Before game 1 of the World Series even began, Bob Costas said: “…this lineup is probably one of the weakest ever to take the field for a World Series.” Costas even ribbed at Orel, saying, “This lineup is so weak, you should be in it as a hitter.” Tommy Lasorda would later sarcastically suggest that the World Series MVP should have been Bob Costas. This wound up being especially relevant in psyching up the Dodgers in the clubhouse.
The Dodgers won game 1 in dramatic fashion, in a walk-off home run from a man who could barely round the base paths.
Pitching on 3 days rest, Orel Hershiser pitched an absolute gem in game 2, another complete game shutout. He struck out 8 batters and allowed only 3 hits (3 singles all from Dave Parker.) Hershiser even drove in a run with a double, helping his cause. This gave the underdog Dodgers a commanding 2-0 lead.
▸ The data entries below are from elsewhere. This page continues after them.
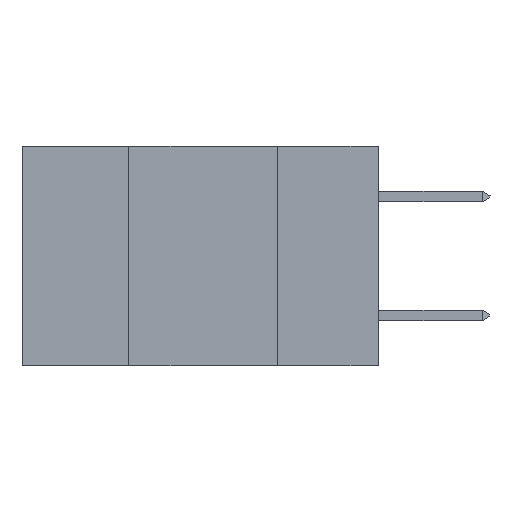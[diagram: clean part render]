
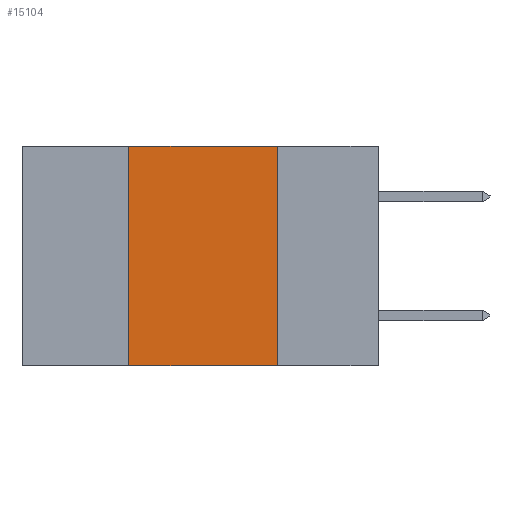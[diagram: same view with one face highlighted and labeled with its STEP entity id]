
A CAD part, left-side view. The second image highlights one B-rep face of the part: STEP entity #15104.
In plain terms, the highlighted planar face has unit normal (-1, 0, 0).
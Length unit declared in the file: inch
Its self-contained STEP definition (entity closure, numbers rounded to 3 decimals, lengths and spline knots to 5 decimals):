
#937 = DIRECTION ( 'NONE',  ( 0., -1., 0. ) ) ;
#1160 = CARTESIAN_POINT ( 'NONE',  ( 0., 0.6, 0. ) ) ;
#1407 = EDGE_CURVE ( 'NONE', #6364, #15997, #11463, .T. ) ;
#2234 = CARTESIAN_POINT ( 'NONE',  ( 0., 0.17, -0.37 ) ) ;
#2323 = DIRECTION ( 'NONE',  ( 0., 0., -1. ) ) ;
#2997 = CARTESIAN_POINT ( 'NONE',  ( 0., 0.17, -0.37 ) ) ;
#3116 = CARTESIAN_POINT ( 'NONE',  ( 0., 0.6, 0. ) ) ;
#3232 = VECTOR ( 'NONE', #937, 39.37008 ) ;
#3426 = LINE ( 'NONE', #3116, #13985 ) ;
#4183 = EDGE_CURVE ( 'NONE', #16669, #15997, #18083, .T. ) ;
#4853 = ORIENTED_EDGE ( 'NONE', *, *, #1407, .F. ) ;
#5105 = CARTESIAN_POINT ( 'NONE',  ( 0., 0.17, 0. ) ) ;
#5695 = VECTOR ( 'NONE', #14737, 39.37008 ) ;
#6364 = VERTEX_POINT ( 'NONE', #5105 ) ;
#8618 = ORIENTED_EDGE ( 'NONE', *, *, #18156, .F. ) ;
#8869 = FACE_OUTER_BOUND ( 'NONE', #16263, .T. ) ;
#10740 = AXIS2_PLACEMENT_3D ( 'NONE', #1160, #17901, #2323 ) ;
#11109 = DIRECTION ( 'NONE',  ( 0., -1., 0. ) ) ;
#11463 = LINE ( 'NONE', #2234, #5695 ) ;
#11877 = DIRECTION ( 'NONE',  ( 0., 0., 1. ) ) ;
#12894 = CARTESIAN_POINT ( 'NONE',  ( 0., 0.42, -0.37 ) ) ;
#13985 = VECTOR ( 'NONE', #11109, 39.37008 ) ;
#14262 = EDGE_CURVE ( 'NONE', #14485, #6364, #3426, .T. ) ;
#14485 = VERTEX_POINT ( 'NONE', #16848 ) ;
#14737 = DIRECTION ( 'NONE',  ( 0., 0., -1. ) ) ;
#14948 = LINE ( 'NONE', #19679, #18886 ) ;
#15104 = ADVANCED_FACE ( 'NONE', ( #8869 ), #15140, .F. ) ;
#15140 = PLANE ( 'NONE',  #10740 ) ;
#15997 = VERTEX_POINT ( 'NONE', #2997 ) ;
#16263 = EDGE_LOOP ( 'NONE', ( #4853, #16553, #8618, #16502 ) ) ;
#16502 = ORIENTED_EDGE ( 'NONE', *, *, #4183, .T. ) ;
#16553 = ORIENTED_EDGE ( 'NONE', *, *, #14262, .F. ) ;
#16669 = VERTEX_POINT ( 'NONE', #12894 ) ;
#16848 = CARTESIAN_POINT ( 'NONE',  ( 0., 0.42, 0. ) ) ;
#17901 = DIRECTION ( 'NONE',  ( 1., 0., 0. ) ) ;
#18083 = LINE ( 'NONE', #18380, #3232 ) ;
#18156 = EDGE_CURVE ( 'NONE', #16669, #14485, #14948, .T. ) ;
#18380 = CARTESIAN_POINT ( 'NONE',  ( 0., 0.6, -0.37 ) ) ;
#18886 = VECTOR ( 'NONE', #11877, 39.37008 ) ;
#19679 = CARTESIAN_POINT ( 'NONE',  ( 0., 0.42, -0.37 ) ) ;
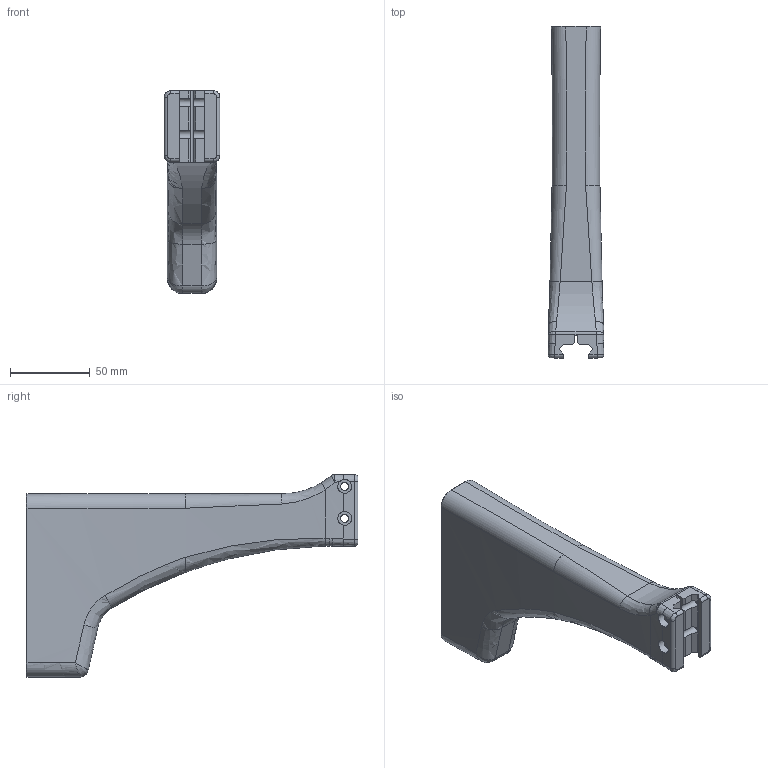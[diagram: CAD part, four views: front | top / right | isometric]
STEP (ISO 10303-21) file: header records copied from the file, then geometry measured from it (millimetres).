
FILE_DESCRIPTION(/* description */ (''),/* implementation_level */ '2;1');
FILE_NAME(/* name */ 'Single Print.step',/* time_stamp */ '2021-07-28T09:04:31-04:00',/* author */ (''),/* organization */ (''),/* preprocessor_version */ 'ST-DEVELOPER v18.1',/* originating_system */ 'Autodesk Translation Framework v10.9.0.1377',/* authorisation */ '');
FILE_SCHEMA (('AUTOMOTIVE_DESIGN { 1 0 10303 214 3 1 1 }'));
Length unit declared in the file: millimetre
Products named in the file (1): Single Print
Bounding box: 35 x 208.01 x 127 mm (x, y, z)
Volume: 216776.4 mm3; surface area: 66786.6 mm2
Topology: 1 solids, 2 shells, 253 faces, 673 edges, 408 vertices
Faces by surface type: bspline 103, plane 81, cylinder 45, torus 22, cone 2
Full cylindrical faces by diameter (mm): 4 x2, 5.1 x4, 8.75 x2
Entity records: 11796 total; most frequent: CARTESIAN_POINT 6208, ORIENTED_EDGE 1314, DIRECTION 909, EDGE_CURVE 657, VERTEX_POINT 408, AXIS2_PLACEMENT_3D 342, EDGE_LOOP 265, FACE_OUTER_BOUND 253

Hershiser’s next start would be game 5, again on 3 days rest. The Dodgers were up 3-1 in the series, and their Cy Young did not disappoint. He pitched a complete game, allowing only 2 runs on 4 hits. He had 9 strikeouts. This capped off one of the most amazing playoff performances by a pitcher in major league history.
- World Series: 18IP, 7H, 2ER, 17K (all done on 3 days rest)
- NLCS MVP
- World Series MVP
- Cy Young Award
- Wins: 23-league leader
- Innings Pitched: 267-league leader
- Shutouts: 8-league leader
- Complete Games: 15-league leader
No other pitcher in major league history has won the Cy Young Award, then the MVP in the LCS and World Series. Kirk Gibson’s walk off home run in game 1 (there’s the name I was searching for earlier) is typically rated in the top 2 greatest moments in baseball playoff history, therefore it’ll likely be what people, will always remember. That’s how it should be, but Hershiser’s 1988 season should also be immortalized forever in Dodger lore, and baseball lore.
Growing up, saying the name “Hershiser” was akin to invoking the name of a saint, or a legend like Hercules. For this Dodger fan, that name will always mean greatness.